The Rhode Island Health Department noted the violations at the following Portsmouth establishments in June:
Anna D's Cafe - The following violations were noted during an inspection on June 20.
- Boxes of single service items are stored on the floor in the back storage area. Single service items must be stored 6" off the floor in, a clean dry location. Shelving is in the process of being made for this area.
- An employee was observed washing their hands at the 3 bay sink. Food employees shall clean their hands in a designated handwashing sink, not in a service (mop)sink, warewashing or food prep sink.
- The handsink in the kitchen was blocked by equipment. A handwashing sink shall be accessible at all times for employee use.
- Bagged soup was not heated before being placed in the hot hold unit for hot holding. Ready to eat foods taken from a commercially processed can or intact package from a food processing plant must be heated to at least 135 degrees F for hot holding. Soup was removed and heated to 160 degrees.
- Food cases, and containers were stored on the floor in the back kitchen area, the storage area and in the ice cream area. Food must be stored at least 6 inches above the floor.
- The slicer was stored adjacent to the hand sink exposing it to splash. The slicer needs to be relocated away from the sink or a splash guard is required. It is recommended that the slicer be covered after cleaning to avoid contamination until next use.
- Utensils were displayed with the lip surface up. Utensils are to be stored so that only the handles are touched by employees and consumers if consumer self-service is provided.
- Boxes of single service items were stored on the floor in the storage area and the ice cream area.

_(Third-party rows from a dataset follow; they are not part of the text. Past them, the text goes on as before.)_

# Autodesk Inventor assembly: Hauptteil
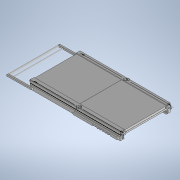
[picture p0: Inventor's stored thumbnail of the model, 180x180]
Saved by Autodesk Inventor 2020.3 (Build 243373000, 373)
## iProperties
Created: 2020-09-30
Part Number: Hauptteil
Document SubType Name: Assembly
Designer: Mara
Author: Mara
## Documents named in this file (10)
- C:\Users\Mara\Masterarbeit_CAD\Rampe\Hauptteil.iam
- C:\Users\Mara\Masterarbeit_CAD\Rampe\o_lange_Stange.ipt
- C:\Users\Mara\Masterarbeit_CAD\Rampe\u_lange_Stange.ipt
- C:\Users\Mara\Masterarbeit_CAD\Rampe\o_fache_Stange.ipt
- C:\Users\Mara\Masterarbeit_CAD\Rampe\o_grosses_Brett.ipt
- C:\Users\Mara\Masterarbeit_CAD\Rampe\o_Einlegplatten.ipt
- C:\Users\Mara\Masterarbeit_CAD\Rampe\u_g_Hoehenverstellung.ipt
- C:\Users\Mara\Masterarbeit_CAD\Rampe\u_k_Hoehenverstellung.ipt
- C:\Users\Mara\Masterarbeit_CAD\Rampe\u_lange_Stange_MIR.ipt
- C:\Users\Mara\Masterarbeit_CAD\Rampe\o_Plattenstopper.ipt
## Components (15 placed, 9 different names)
1. o_lange_Stange:1 — Mate:2, Flush:3, Flush:4, Mate:4, Flush:5, Flush:6, Mate:9, Mate:10, Flush:15, Rotational:4, Rotational:5
2. o_fache_Stange:1 — Mate:3, Flush:7, Flush:8
3. o_grosses_Brett:1 — Mate:1, Flush:1, Flush:2, Mate:2, Flush:3, Flush:4, Mate:7, Mate:8, Mate:12, Flush:16, Mate:13, Flush:17, Flush:18
4. o_fache_Stange:2 — Mate:4, Flush:5, Flush:6
5. o_lange_Stange:2 — Mate:1, Flush:1, Flush:2, Mate:3, Flush:7, Flush:8, Rotational:3, Rotational:6
6. u_lange_Stange:2 — Mate:12, Flush:15, Flush:16, Rotational:1, Rotational:2
7. o_Einlegplatten:1 — Mate:7, Mate:9
8. o_Einlegplatten:2 — Mate:8, Mate:10
9. u_g_Hoehenverstellung:1 — Rotational:1
10. u_k_Hoehenverstellung:1 — Rotational:2
11. u_lange_Stange_MIR:1 — Mate:13, Flush:17, Flush:18
12. o_Plattenstopper:1 — Rotational:3
13. o_Plattenstopper:2 — Rotational:4
14. o_Plattenstopper:3 — Rotational:6
15. o_Plattenstopper:4 — Rotational:5
## Relationships (28: Flush 12, Mate 10, RevoluteJoint 6)
- Mate:1: o_grosses_Brett:1 ↔ o_lange_Stange:2
- Flush:1: o_grosses_Brett:1 ↔ o_lange_Stange:2
- Flush:2: o_grosses_Brett:1 ↔ o_lange_Stange:2
- Mate:2: o_lange_Stange:1 ↔ o_grosses_Brett:1
- Flush:3: o_lange_Stange:1 ↔ o_grosses_Brett:1
- Flush:4: o_lange_Stange:1 ↔ o_grosses_Brett:1
- Mate:3: o_fache_Stange:1 ↔ o_lange_Stange:2
- Mate:4: o_lange_Stange:1 ↔ o_fache_Stange:2
- Flush:5: o_lange_Stange:1 ↔ o_fache_Stange:2
- Flush:6: o_lange_Stange:1 ↔ o_fache_Stange:2
- Flush:7: o_fache_Stange:1 ↔ o_lange_Stange:2
- Flush:8: o_fache_Stange:1 ↔ o_lange_Stange:2
- Mate:7: o_grosses_Brett:1 ↔ o_Einlegplatten:1
- Mate:8: o_grosses_Brett:1 ↔ o_Einlegplatten:2
- Mate:9 (2 mm): o_lange_Stange:1 ↔ o_Einlegplatten:1
- Mate:10 (2 mm): o_lange_Stange:1 ↔ o_Einlegplatten:2
- Mate:12: o_grosses_Brett:1 ↔ u_lange_Stange:2
- Flush:15: o_lange_Stange:1 ↔ u_lange_Stange:2
- Flush:16: o_grosses_Brett:1 ↔ u_lange_Stange:2
- Rotational:1 [RevoluteJoint] (2 mm): u_lange_Stange:2 ↔ u_g_Hoehenverstellung:1
- Rotational:2 [RevoluteJoint] (2 mm): u_lange_Stange:2 ↔ u_k_Hoehenverstellung:1
- Mate:13: o_grosses_Brett:1 ↔ u_lange_Stange_MIR:1
- Flush:17: o_grosses_Brett:1 ↔ u_lange_Stange_MIR:1
- Flush:18: o_grosses_Brett:1 ↔ u_lange_Stange_MIR:1
- Rotational:3 [RevoluteJoint]: o_lange_Stange:2 ↔ o_Plattenstopper:1
- Rotational:4 [RevoluteJoint]: o_lange_Stange:1 ↔ o_Plattenstopper:2
- Rotational:5 [RevoluteJoint]: o_lange_Stange:1 ↔ o_Plattenstopper:4
- Rotational:6 [RevoluteJoint]: o_lange_Stange:2 ↔ o_Plattenstopper:3
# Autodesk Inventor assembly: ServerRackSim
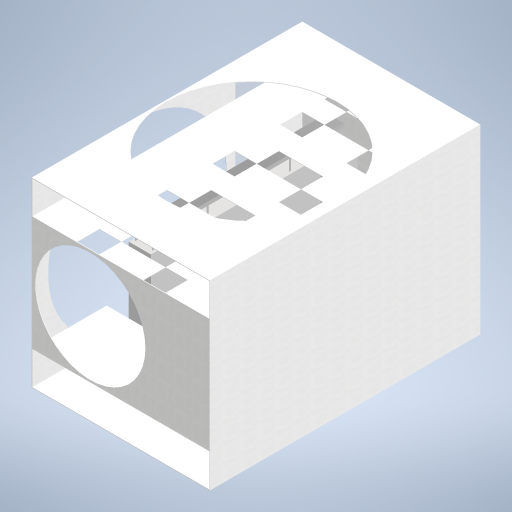
[picture p0: Inventor's stored thumbnail of the model, 512x512]
Saved by Autodesk Inventor 2023.1 (Build 271208000, 208)
## iProperties
Created: 2023-06-06
Part Number: ServerRackSim
Document SubType Name: Assembly
Designer: rwc6
Author: rwc6
## Documents named in this file (6)
- C:\Users\rwc6@nist.gov\Documents\McGarant\ServerRackSim\ServerRackSim.iam
- C:\Users\rwc6@nist.gov\Documents\McGarant\ServerRackSim\ServerRoom.ipt
- C:\Users\rwc6@nist.gov\Documents\McGarant\ServerRackSim\Window.ipt
- C:\Users\rwc6@nist.gov\Documents\McGarant\ServerRackSim\ServerCabinetLeft.ipt
- C:\Users\rwc6@nist.gov\Documents\McGarant\ServerRackSim\ServerCabinetRight.ipt
- C:\Users\rwc6@nist.gov\Documents\McGarant\ServerRackSim\CableTray.ipt
## Components (6 placed, 5 different names)
1. ServerRoom:1 — Mate:1, Angle:1, Mate:3, Angle:2, Mate:4, Angle:3, Mate:7
2. Window:1 — Angle:1, Mate:7
3. ServerCabinetLeft:1 — Mate:3, Angle:2, Mate:5, Angle:4
4. ServerCabinetRight:1 — Mate:4, Angle:3, Mate:6, Angle:5
5. CableTray:1 — Mate:5, Angle:4
6. CableTray:2 — Mate:6, Angle:5
## Relationships (11: Mate 6, Angle 5)
- Mate:1: ServerRoom:1
- Angle:1 (0 deg): ServerRoom:1 ↔ Window:1
- Mate:3: ServerRoom:1 ↔ ServerCabinetLeft:1
- Angle:2 (180 deg): ServerRoom:1 ↔ ServerCabinetLeft:1
- Mate:4: ServerRoom:1 ↔ ServerCabinetRight:1
- Angle:3 (0 deg): ServerRoom:1 ↔ ServerCabinetRight:1
- Mate:5: ServerCabinetLeft:1 ↔ CableTray:1
- Angle:4 (180 deg): ServerCabinetLeft:1 ↔ CableTray:1
- Mate:6: ServerCabinetRight:1 ↔ CableTray:2
- Angle:5 (180 deg): ServerCabinetRight:1 ↔ CableTray:2
- Mate:7: ServerRoom:1 ↔ Window:1
## Named parameters: win_d = 6.4 mm
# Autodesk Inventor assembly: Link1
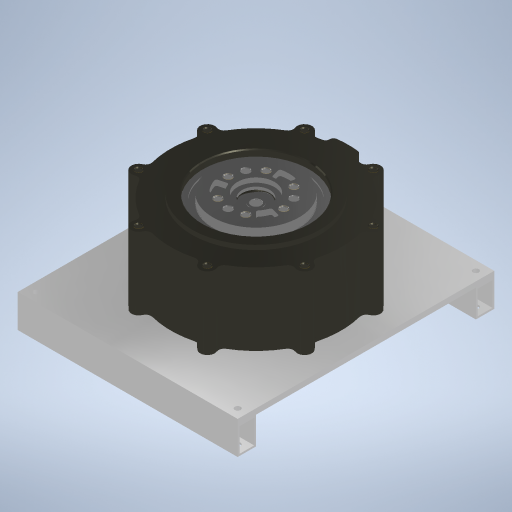
[picture p0: Inventor's stored thumbnail of the model, 512x512]
Saved by Autodesk Inventor 2024 (Build 280153000, 153)
## iProperties
Created: 2024-12-13
Part Number: Link1
Document SubType Name: Assembly
Designer: hirek
Author: hirek
## Documents named in this file (4)
- E:\Documents\Inventor\CanAloha\Link1.iam
- E:\Documents\Inventor\CanAloha\myperts\base_plate2.ipt
- E:\Documents\Inventor\CanAloha\official\robStride03\Robstride03.iam
- E:\Documents\Inventor\CanAloha\myperts\base_pipe1.ipt
## Components (4 placed, 3 different names)
1. base_plate2:1 — 回転:1, 回転:2, 回転:3, 回転:4, 回転:5, 回転:6
2. Robstride03:1 [sub-assembly] — 回転:1, 回転:2
3. base_pipe1:1 — 回転:3, 回転:4
4. base_pipe1:2 — 回転:5, 回転:6
## Relationships (6: RevoluteJoint 6)
- 回転:1 [RevoluteJoint]: base_plate2:1 ↔ Robstride03:1
- 回転:2 [RevoluteJoint]: base_plate2:1 ↔ Robstride03:1
- 回転:3 [RevoluteJoint]: base_plate2:1 ↔ base_pipe1:1
- 回転:4 [RevoluteJoint]: base_plate2:1 ↔ base_pipe1:1
- 回転:5 [RevoluteJoint]: base_plate2:1 ↔ base_pipe1:2
- 回転:6 [RevoluteJoint]: base_plate2:1 ↔ base_pipe1:2

- The three door refrigeration unit in the front area, had an ambient temp of 48 degrees. Gallons on milk and other cartons are sored in the unit. This unit is opened frequently and was very full during inspection, some milk was moved to another unit to help with airflow and temp dropped to 42 by end of inspection. Manager will monitor unit, to ensure proper temps are being met; and service will be called if needed.
- The floors throughout the facility, under equipment, and around the perimeter have an accumulation of soil residue and/or food debris. The physical facilities shall be cleaned as often as necessary to keep them clean.
- No violations were marked out on this inspection.
- No violations were marked out on this inspection.